I am happy to say that my friend and collaborator Judy Fjell, who is in Japan teaching singing games to English teachers and students, survived the typhoon and earthquake there just fine, with only a change in travel plans when the trains weren’t running.
A couple days later:
Just got back from a walk at the Marina with Judy, who needed some exercise and fresh air to recover from Tokyo-to-SF jet lag. Beforehand, we went online and I was able to show her the huge Mother Earth puppet that Somos Mayfair brought to this morning’s demonstration.
             Photo by John Kokoska
It reminded me of the goddess puppet Judy’s friends made at her Summersing music camp. This one’s been to a single-payer health care rally in Montana.
                                    
This morning’s demonstration was against Chevron, which wants to expand its refinery in Richmond, thereby expanding its pollution of Bay Area air. The (Green Party) mayor of Richmond was there, and the Chicana dancers with the puppet, an African-American rapper, Asian demonstrators against the dictatorship in Burma which Chevron is helping prop up, and most of the volunteers were quite young, which is encouraging. I got there too late for the Native American drumming and everybody-in-the-circle dance. As usual, pollution is worse where poor people and people of color live. Here’s a pertinent message from Green for All about that.

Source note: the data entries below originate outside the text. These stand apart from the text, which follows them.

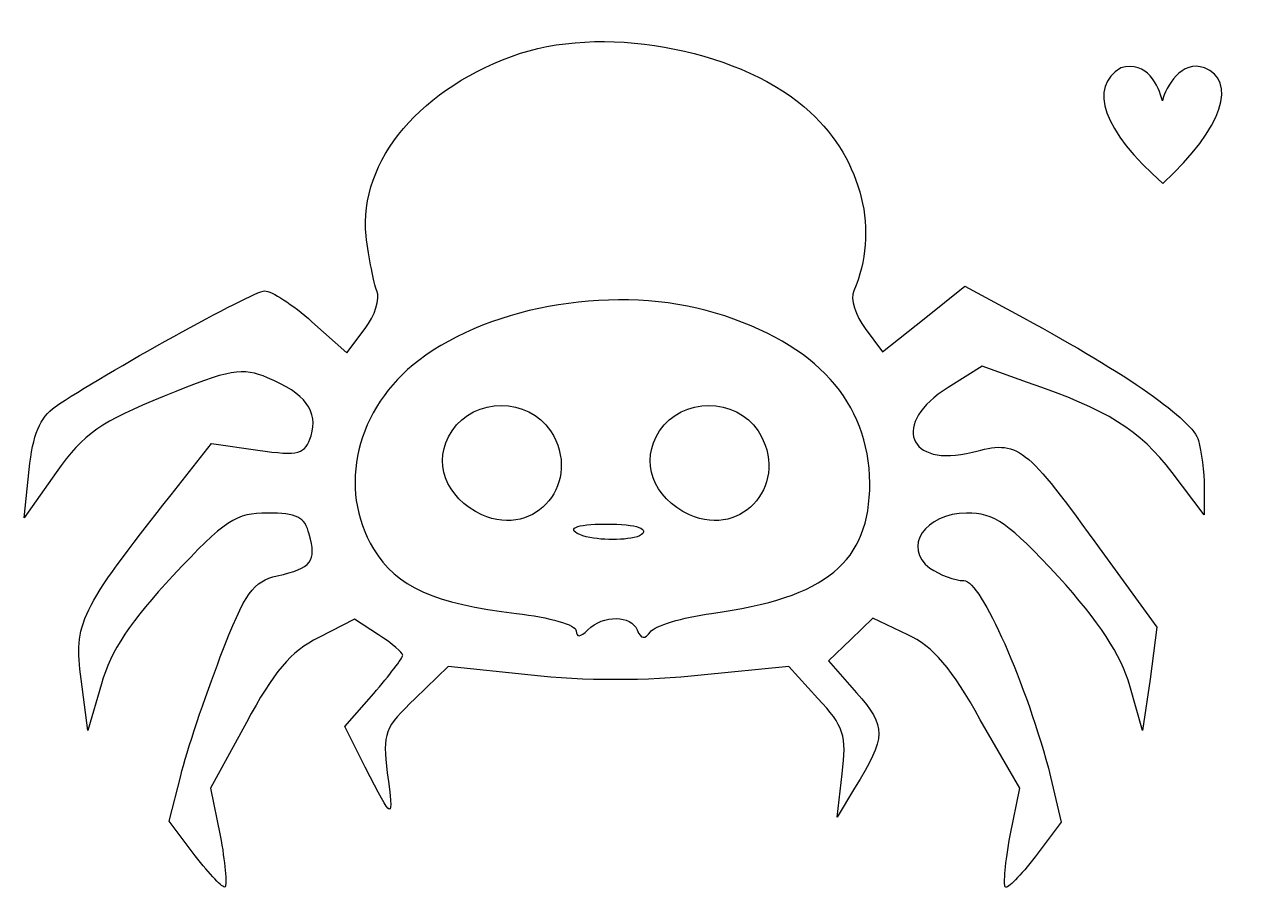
# Model space of a CAD drawing. Header units: centimetres. Extents: x -14.47 to -7.38, y 1.95 to 7.01.
import ezdxf

# ---------------------------------------------------------------- set-up
doc = ezdxf.new("R2010")
doc.units = ezdxf.units.CM
doc.header["$MEASUREMENT"] = 0
doc.layers.add('Layer 1', color=7, linetype='Continuous')

msp = doc.modelspace()

# ---------------------------------------------------------------- linework, layer by layer
at = {"layer": 'Layer 1'}
for points, knots in [([(-11.56729, 6.83799), (-12.14358, 6.64589), (-12.51648, 6.21084), (-12.47129, 5.77014), (-12.47129, 5.77014), (-12.45433, 5.64019), (-12.42608, 5.49328), (-12.40914, 5.44809), (-12.40914, 5.44809), (-12.38652, 5.40288), (-12.42044, 5.30118), (-12.47693, 5.22774), (-12.47693, 5.22774), (-12.47693, 5.22774), (-12.58427, 5.08648), (-12.58427, 5.08648), (-12.58427, 5.08648), (-12.58427, 5.08648), (-12.78768, 5.26729), (-12.78768, 5.26729), (-12.78768, 5.26729), (-12.90068, 5.36899), (-13.02498, 5.44809), (-13.06453, 5.44809), (-13.06453, 5.44809), (-13.13233, 5.44809), (-14.00808, 4.96218), (-14.29059, 4.77009), (-14.29059, 4.77009), (-14.38099, 4.70794), (-14.42054, 4.60624), (-14.44314, 4.40283), (-14.44314, 4.40283), (-14.44314, 4.40283), (-14.47139, 4.12033), (-14.47139, 4.12033), (-14.47139, 4.12033), (-14.47139, 4.12033), (-14.28494, 4.38589), (-14.28494, 4.38589), (-14.28494, 4.38589), (-14.12109, 4.61753), (-14.02504, 4.67969), (-13.65213, 4.83224), (-13.65213, 4.83224), (-13.26793, 4.99043), (-13.19448, 5.00173), (-13.04758, 4.93959), (-13.04758, 4.93959), (-12.82723, 4.84918), (-12.74813, 4.74184), (-12.79333, 4.60057), (-12.79333, 4.60057), (-12.82723, 4.49323), (-12.86113, 4.48194), (-13.10408, 4.51583), (-13.10408, 4.51583), (-13.10408, 4.51583), (-13.37528, 4.55538), (-13.37528, 4.55538), (-13.37528, 4.55538), (-13.37528, 4.55538), (-13.61258, 4.25593), (-13.61258, 4.25593), (-13.61258, 4.25593), (-14.14933, 3.57227), (-14.18324, 3.50449), (-14.13803, 3.17677), (-14.13803, 3.17677), (-14.13803, 3.17677), (-14.09848, 2.87732), (-14.09848, 2.87732), (-14.09848, 2.87732), (-14.09848, 2.87732), (-14.01938, 3.14854), (-14.01938, 3.14854), (-14.01938, 3.14854), (-13.96853, 3.34063), (-13.84424, 3.52142), (-13.60128, 3.78132), (-13.60128, 3.78132), (-13.29618, 4.10903), (-13.23403, 4.14859), (-13.04758, 4.14859), (-13.04758, 4.14859), (-12.87808, 4.14859), (-12.82723, 4.12599), (-12.80463, 4.02429), (-12.80463, 4.02429), (-12.75943, 3.86609), (-12.78768, 3.82654), (-12.99108, 3.78132), (-12.99108, 3.78132), (-13.13233, 3.74743), (-13.17753, 3.69094), (-13.32443, 3.30674), (-13.32443, 3.30674), (-13.41483, 3.06943), (-13.52218, 2.75302), (-13.55608, 2.61178), (-13.55608, 2.61178), (-13.55608, 2.61178), (-13.62389, 2.34622), (-13.62389, 2.34622), (-13.62389, 2.34622), (-13.62389, 2.34622), (-13.47133, 2.14283), (-13.47133, 2.14283), (-13.47133, 2.14283), (-13.38658, 2.03547), (-13.30748, 1.95072), (-13.29618, 1.96202), (-13.29618, 1.96202), (-13.28488, 1.97332), (-13.29618, 2.10894), (-13.32443, 2.26147), (-13.32443, 2.26147), (-13.32443, 2.26147), (-13.38093, 2.53833), (-13.38093, 2.53833), (-13.38093, 2.53833), (-13.38093, 2.53833), (-13.17188, 2.92253), (-13.17188, 2.92253), (-13.17188, 2.92253), (-13.01368, 3.21633), (-12.91198, 3.34063), (-12.74813, 3.41974), (-12.74813, 3.41974), (-12.74813, 3.41974), (-12.53908, 3.52708), (-12.53908, 3.52708), (-12.53908, 3.52708), (-12.53908, 3.52708), (-12.39782, 3.43667), (-12.39782, 3.43667), (-12.39782, 3.43667), (-12.31874, 3.38582), (-12.25658, 3.32933), (-12.25658, 3.31803), (-12.25658, 3.31803), (-12.25658, 3.30107), (-12.33567, 3.19937), (-12.42608, 3.09203), (-12.42608, 3.09203), (-12.42608, 3.09203), (-12.59558, 2.89994), (-12.59558, 2.89994), (-12.59558, 2.89994), (-12.59558, 2.89994), (-12.47693, 2.66263), (-12.47693, 2.66263), (-12.47693, 2.66263), (-12.31307, 2.34058), (-12.30744, 2.34058), (-12.34699, 2.62874), (-12.34699, 2.62874), (-12.37522, 2.86038), (-12.36393, 2.89428), (-12.18314, 3.06377), (-12.18314, 3.06377), (-12.18314, 3.06377), (-11.99102, 3.25022), (-11.99102, 3.25022), (-11.99102, 3.25022), (-11.99102, 3.25022), (-11.50514, 3.19937), (-11.50514, 3.19937), (-11.50514, 3.19937), (-11.20569, 3.16547), (-10.82148, 3.16547), (-10.51073, 3.19937), (-10.51073, 3.19937), (-10.51073, 3.19937), (-9.99657, 3.25022), (-9.99657, 3.25022), (-9.99657, 3.25022), (-9.99657, 3.25022), (-9.82707, 3.06377), (-9.82707, 3.06377), (-9.82707, 3.06377), (-9.67452, 2.89994), (-9.65758, 2.84909), (-9.68581, 2.62308), (-9.68581, 2.62308), (-9.68581, 2.62308), (-9.71407, 2.36884), (-9.71407, 2.36884), (-9.71407, 2.36884), (-9.71407, 2.36884), (-9.61237, 2.53833), (-9.61237, 2.53833), (-9.61237, 2.53833), (-9.42591, 2.84342), (-9.42591, 2.89428), (-9.60107, 3.09769), (-9.60107, 3.09769), (-9.60107, 3.09769), (-9.76492, 3.28414), (-9.76492, 3.28414), (-9.76492, 3.28414), (-9.76492, 3.28414), (-9.63499, 3.40844), (-9.63499, 3.40844), (-9.63499, 3.40844), (-9.63499, 3.40844), (-9.50502, 3.53274), (-9.50502, 3.53274), (-9.50502, 3.53274), (-9.50502, 3.53274), (-9.30161, 3.43667), (-9.30161, 3.43667), (-9.30161, 3.43667), (-9.15472, 3.36889), (-9.04171, 3.23892), (-8.87788, 2.93947), (-8.87788, 2.93947), (-8.87788, 2.93947), (-8.64621, 2.53833), (-8.64621, 2.53833), (-8.64621, 2.53833), (-8.64621, 2.53833), (-8.70273, 2.26147), (-8.70273, 2.26147), (-8.70273, 2.26147), (-8.73099, 2.10894), (-8.74228, 1.97332), (-8.73099, 1.96202), (-8.73099, 1.96202), (-8.71966, 1.94508), (-8.64058, 2.02983), (-8.55583, 2.13717), (-8.55583, 2.13717), (-8.55583, 2.13717), (-8.40327, 2.34058), (-8.40327, 2.34058), (-8.40327, 2.34058), (-8.40327, 2.34058), (-8.46542, 2.60612), (-8.46542, 2.60612), (-8.46542, 2.60612), (-8.60668, 3.14854), (-8.87222, 3.75309), (-8.97393, 3.75309), (-8.97393, 3.75309), (-9.02478, 3.75309), (-9.11519, 3.78698), (-9.17168, 3.82654), (-9.17168, 3.82654), (-9.33553, 3.94518), (-9.19993, 4.14859), (-8.95697, 4.14859), (-8.95697, 4.14859), (-8.79314, 4.14859), (-8.71403, 4.09207), (-8.42023, 3.77568), (-8.42023, 3.77568), (-8.18293, 3.51578), (-8.05296, 3.31803), (-8.00211, 3.13722), (-8.00211, 3.13722), (-8.00211, 3.13722), (-7.92866, 2.87732), (-7.92866, 2.87732), (-7.92866, 2.87732), (-7.92866, 2.87732), (-7.88347, 3.17677), (-7.88347, 3.17677), (-7.88347, 3.17677), (-7.88347, 3.17677), (-7.84392, 3.48189), (-7.84392, 3.48189), (-7.84392, 3.48189), (-7.84392, 3.48189), (-8.16597, 3.92258), (-8.16597, 3.92258), (-8.16597, 3.92258), (-8.61798, 4.54972), (-8.65187, 4.57798), (-8.92307, 4.50453), (-8.92307, 4.50453), (-9.30161, 4.40849), (-9.40332, 4.67402), (-9.06433, 4.88307), (-9.06433, 4.88307), (-9.06433, 4.88307), (-8.86658, 5.00738), (-8.86658, 5.00738), (-8.86658, 5.00738), (-8.86658, 5.00738), (-8.60102, 4.91133), (-8.60102, 4.91133), (-8.60102, 4.91133), (-8.13207, 4.75313), (-7.94562, 4.63449), (-7.75354, 4.38589), (-7.75354, 4.38589), (-7.75354, 4.38589), (-7.56708, 4.13729), (-7.56708, 4.13729), (-7.56708, 4.13729), (-7.56708, 4.13729), (-7.56708, 4.30112), (-7.56708, 4.30112), (-7.56708, 4.30112), (-7.56708, 4.38589), (-7.58402, 4.51019), (-7.60098, 4.57234), (-7.60098, 4.57234), (-7.62923, 4.69098), (-8.01907, 4.96218), (-8.62362, 5.28988), (-8.62362, 5.28988), (-8.62362, 5.28988), (-8.96826, 5.47634), (-8.96826, 5.47634), (-8.96826, 5.47634), (-8.96826, 5.47634), (-9.20557, 5.28423), (-9.20557, 5.28423), (-9.20557, 5.28423), (-9.20557, 5.28423), (-9.44854, 5.09213), (-9.44854, 5.09213), (-9.44854, 5.09213), (-9.44854, 5.09213), (-9.55021, 5.22774), (-9.55021, 5.22774), (-9.55021, 5.22774), (-9.60673, 5.30118), (-9.64062, 5.40288), (-9.61803, 5.44809), (-9.61803, 5.44809), (-9.46547, 5.79273), (-9.56717, 6.21084), (-9.87227, 6.49334), (-9.87227, 6.49334), (-10.25647, 6.84929), (-11.04183, 7.00749), (-11.56729, 6.83799)], [0, 0, 0, 0, 0.0116279, 0.0116279, 0.0116279, 0.0116279, 0.0232558, 0.0232558, 0.0232558, 0.0232558, 0.0348837, 0.0348837, 0.0348837, 0.0348837, 0.0465116, 0.0465116, 0.0465116, 0.0465116, 0.0581395, 0.0581395, 0.0581395, 0.0581395, 0.0697674, 0.0697674, 0.0697674, 0.0697674, 0.0813953, 0.0813953, 0.0813953, 0.0813953, 0.0930233, 0.0930233, 0.0930233, 0.0930233, 0.1046512, 0.1046512, 0.1046512, 0.1046512, 0.1162791, 0.1162791, 0.1162791, 0.1162791, 0.127907, 0.127907, 0.127907, 0.127907, 0.1395349, 0.1395349, 0.1395349, 0.1395349, 0.1511628, 0.1511628, 0.1511628, 0.1511628, 0.1627907, 0.1627907, 0.1627907, 0.1627907, 0.1744186, 0.1744186, 0.1744186, 0.1744186, 0.1860465, 0.1860465, 0.1860465, 0.1860465, 0.1976744, 0.1976744, 0.1976744, 0.1976744, 0.2093023, 0.2093023, 0.2093023, 0.2093023, 0.2209302, 0.2209302, 0.2209302, 0.2209302, 0.2325581, 0.2325581, 0.2325581, 0.2325581, 0.244186, 0.244186, 0.244186, 0.244186, 0.255814, 0.255814, 0.255814, 0.255814, 0.2674419, 0.2674419, 0.2674419, 0.2674419, 0.2790698, 0.2790698, 0.2790698, 0.2790698, 0.2906977, 0.2906977, 0.2906977, 0.2906977, 0.3023256, 0.3023256, 0.3023256, 0.3023256, 0.3139535, 0.3139535, 0.3139535, 0.3139535, 0.3255814, 0.3255814, 0.3255814, 0.3255814, 0.3372093, 0.3372093, 0.3372093, 0.3372093, 0.3488372, 0.3488372, 0.3488372, 0.3488372, 0.3604651, 0.3604651, 0.3604651, 0.3604651, 0.372093, 0.372093, 0.372093, 0.372093, 0.3837209, 0.3837209, 0.3837209, 0.3837209, 0.3953488, 0.3953488, 0.3953488, 0.3953488, 0.4069767, 0.4069767, 0.4069767, 0.4069767, 0.4186047, 0.4186047, 0.4186047, 0.4186047, 0.4302326, 0.4302326, 0.4302326, 0.4302326, 0.4418605, 0.4418605, 0.4418605, 0.4418605, 0.4534884, 0.4534884, 0.4534884, 0.4534884, 0.4651163, 0.4651163, 0.4651163, 0.4651163, 0.4767442, 0.4767442, 0.4767442, 0.4767442, 0.4883721, 0.4883721, 0.4883721, 0.4883721, 0.5, 0.5, 0.5, 0.5, 0.5116279, 0.5116279, 0.5116279, 0.5116279, 0.5232558, 0.5232558, 0.5232558, 0.5232558, 0.5348837, 0.5348837, 0.5348837, 0.5348837, 0.5465116, 0.5465116, 0.5465116, 0.5465116, 0.5581395, 0.5581395, 0.5581395, 0.5581395, 0.5697674, 0.5697674, 0.5697674, 0.5697674, 0.5813953, 0.5813953, 0.5813953, 0.5813953, 0.5930233, 0.5930233, 0.5930233, 0.5930233, 0.6046512, 0.6046512, 0.6046512, 0.6046512, 0.6162791, 0.6162791, 0.6162791, 0.6162791, 0.627907, 0.627907, 0.627907, 0.627907, 0.6395349, 0.6395349, 0.6395349, 0.6395349, 0.6511628, 0.6511628, 0.6511628, 0.6511628, 0.6627907, 0.6627907, 0.6627907, 0.6627907, 0.6744186, 0.6744186, 0.6744186, 0.6744186, 0.6860465, 0.6860465, 0.6860465, 0.6860465, 0.6976744, 0.6976744, 0.6976744, 0.6976744, 0.7093023, 0.7093023, 0.7093023, 0.7093023, 0.7209302, 0.7209302, 0.7209302, 0.7209302, 0.7325581, 0.7325581, 0.7325581, 0.7325581, 0.744186, 0.744186, 0.744186, 0.744186, 0.755814, 0.755814, 0.755814, 0.755814, 0.7674419, 0.7674419, 0.7674419, 0.7674419, 0.7790698, 0.7790698, 0.7790698, 0.7790698, 0.7906977, 0.7906977, 0.7906977, 0.7906977, 0.8023256, 0.8023256, 0.8023256, 0.8023256, 0.8139535, 0.8139535, 0.8139535, 0.8139535, 0.8255814, 0.8255814, 0.8255814, 0.8255814, 0.8372093, 0.8372093, 0.8372093, 0.8372093, 0.8488372, 0.8488372, 0.8488372, 0.8488372, 0.8604651, 0.8604651, 0.8604651, 0.8604651, 0.872093, 0.872093, 0.872093, 0.872093, 0.8837209, 0.8837209, 0.8837209, 0.8837209, 0.8953488, 0.8953488, 0.8953488, 0.8953488, 0.9069767, 0.9069767, 0.9069767, 0.9069767, 0.9186047, 0.9186047, 0.9186047, 0.9186047, 0.9302326, 0.9302326, 0.9302326, 0.9302326, 0.9418605, 0.9418605, 0.9418605, 0.9418605, 0.9534884, 0.9534884, 0.9534884, 0.9534884, 0.9651163, 0.9651163, 0.9651163, 0.9651163, 0.9767442, 0.9767442, 0.9767442, 0.9767442, 1, 1, 1, 1]), ([(-10.42755, 5.31855), (-9.8343, 5.13775), (-9.52921, 4.79875), (-9.52354, 4.32414), (-9.52354, 4.32414), (-9.52354, 3.86085), (-9.77781, 3.65181), (-10.45014, 3.5614), (-10.45014, 3.5614), (-10.61966, 3.5388), (-10.78352, 3.48795), (-10.80611, 3.45403), (-10.80611, 3.45403), (-10.84001, 3.40884), (-10.8626, 3.40884), (-10.8852, 3.46535), (-10.8852, 3.46535), (-10.91912, 3.5501), (-11.08295, 3.55574), (-11.17335, 3.46535), (-11.17335, 3.46535), (-11.21854, 3.42014), (-11.24117, 3.42014), (-11.24117, 3.45969), (-11.24117, 3.45969), (-11.24117, 3.49358), (-11.39936, 3.5388), (-11.59145, 3.5614), (-11.59145, 3.5614), (-12.07172, 3.61789), (-12.29207, 3.71396), (-12.42766, 3.93994), (-12.42766, 3.93994), (-12.64236, 4.29025), (-12.52937, 4.76485), (-12.1621, 5.0417), (-12.1621, 5.0417), (-11.73271, 5.3694), (-10.99256, 5.48805), (-10.42755, 5.31855)], [0, 0, 0, 0, 0.0909091, 0.0909091, 0.0909091, 0.0909091, 0.1818182, 0.1818182, 0.1818182, 0.1818182, 0.2727273, 0.2727273, 0.2727273, 0.2727273, 0.3636364, 0.3636364, 0.3636364, 0.3636364, 0.4545455, 0.4545455, 0.4545455, 0.4545455, 0.5454545, 0.5454545, 0.5454545, 0.5454545, 0.6363636, 0.6363636, 0.6363636, 0.6363636, 0.7272727, 0.7272727, 0.7272727, 0.7272727, 0.8181818, 0.8181818, 0.8181818, 0.8181818, 1, 1, 1, 1]), ([(-11.96835, 4.62891), (-12.08699, 4.44812), (-12.00788, 4.23907), (-11.79319, 4.13737), (-11.79319, 4.13737), (-11.47678, 3.99611), (-11.19994, 4.33512), (-11.39203, 4.62891), (-11.39203, 4.62891), (-11.522, 4.82666), (-11.83838, 4.82666), (-11.96835, 4.62891)], [0, 0, 0, 0, 0.25, 0.25, 0.25, 0.25, 0.5, 0.5, 0.5, 0.5, 1, 1, 1, 1]), ([(-10.75372, 4.62891), (-10.87236, 4.44812), (-10.79325, 4.23907), (-10.57857, 4.13737), (-10.57857, 4.13737), (-10.26216, 3.99611), (-9.98532, 4.33512), (-10.17741, 4.62891), (-10.17741, 4.62891), (-10.30737, 4.82666), (-10.62376, 4.82666), (-10.75372, 4.62891)], [0, 0, 0, 0, 0.25, 0.25, 0.25, 0.25, 0.5, 0.5, 0.5, 0.5, 1, 1, 1, 1]), ([(-11.20222, 4.01447), (-11.10271, 3.98669), (-10.94793, 3.98669), (-10.87054, 4.01447), (-10.87054, 4.01447), (-10.80421, 4.05614), (-10.8816, 4.08392), (-11.06956, 4.08392), (-11.06956, 4.08392), (-11.24643, 4.08392), (-11.31279, 4.05614), (-11.20222, 4.01447)], [0, 0, 0, 0, 0.25, 0.25, 0.25, 0.25, 0.5, 0.5, 0.5, 0.5, 1, 1, 1, 1])]:
    msp.add_open_spline(points, degree=3, knots=knots, dxfattribs=at)
at = {"layer": 'Layer 1', "color": 65}
msp.add_open_spline([(-7.80952, 6.07684), (-8.16065, 6.38576), (-8.24698, 6.64094), (-8.05511, 6.75223), (-8.05511, 6.75223), (-7.89779, 6.79828), (-7.83447, 6.64478), (-7.81143, 6.56036), (-7.81143, 6.56036), (-7.79224, 6.64094), (-7.69824, 6.80211), (-7.56584, 6.75223), (-7.56584, 6.75223), (-7.37656, 6.68124), (-7.44823, 6.40494), (-7.80952, 6.07684)], degree=3, knots=[0, 0, 0, 0, 0.2, 0.2, 0.2, 0.2, 0.4, 0.4, 0.4, 0.4, 0.6, 0.6, 0.6, 0.6, 1, 1, 1, 1], dxfattribs=at)

doc.saveas('drawing.dxf')

I left before the start of the march from the demonstration at the Richmond BART station to the refinery itself. While the entertainment and speeches were going on, there was non-violent training for the planned civil disobedience at the refinery. Reminded me of the olden days (the eighties) when we were demonstrating against nuclear development at Livermore Labs.
And before that, in 1963, my mother wrote a song to be used in demonstrations against the building of a nuclear power plant at Bodega Head on the California Coast:
Take It Away
The Pacific Gas and Electric Company planned to build a nuclear plant on Bodega Head north of San Francisco, quite near to an earthquake fault. A large group of concerned people, headed up by Malvina’s friend J. B. Neilands and other professors at the University of California at Berkeley, were able to stop it.

We've got to take over P. G. E.,
It's become a dreadful pest.
It's spreading atomic poison stuff
Over all the Golden West.
They're starting a plant at Bodega,
A place that was wild and pure,
They call it an atomic park,
But it's an atomic sewer.
TAKE IT AWAY, TAKE IT AWAY,
There's a killer gang at the very top
Of P. G. and E. today.
We need that electric power
To make our country run,
But what's the use of electric juice
When the people all are gone.
All around Eureka town
Dosimeters are set,
To see, when the plant gets running,
What kind of a dose we'll get.
The primary school is across the road
From where the smoke will roll,
And there's two little dosimeters
On the schoolhouse electric pole.
They have public relations men
Could fascinate the birds,
They even hypnotize themselves
With their own delightful words.
There'll never be an accident
To set the state in flames,
They never speak of an accident,
"Excursion" is the name.
P. G. and E. buys lots of stuff
And local business booms;
They also buy officials
In those jolly smoke-filled rooms.
The A. E. C., the P. U. C.,
The county board and all,
They shake a leg and sit up and beg
At Gas and Electric's call.
There's a rock fault at Bodega
Where many a quake has been,
And that's the very site they choose,
To put their reactors in.
There used to be an iron rule
For a plant of stone and steel,
But now they've got a quickie job
You could stave in with your heel.
It's time we kicked these bandits out
And took their toys away.
Lord knows it's we that foot the bills
With the taxes that we pay.
The subsidies pay half the cost,
Our gas bills pay the rest,
And we need our own great power plant
To save the Golden West.
Take it away, take it away,
From the killer gang at the very top
Of P. G. and E. today.
We need electric power
To make our country run,
And we'll produce that electric juice
In a company of our own.
Words and music by Malvina Reynolds; copyright 1963 by Schroder Music Company, renewed 1991.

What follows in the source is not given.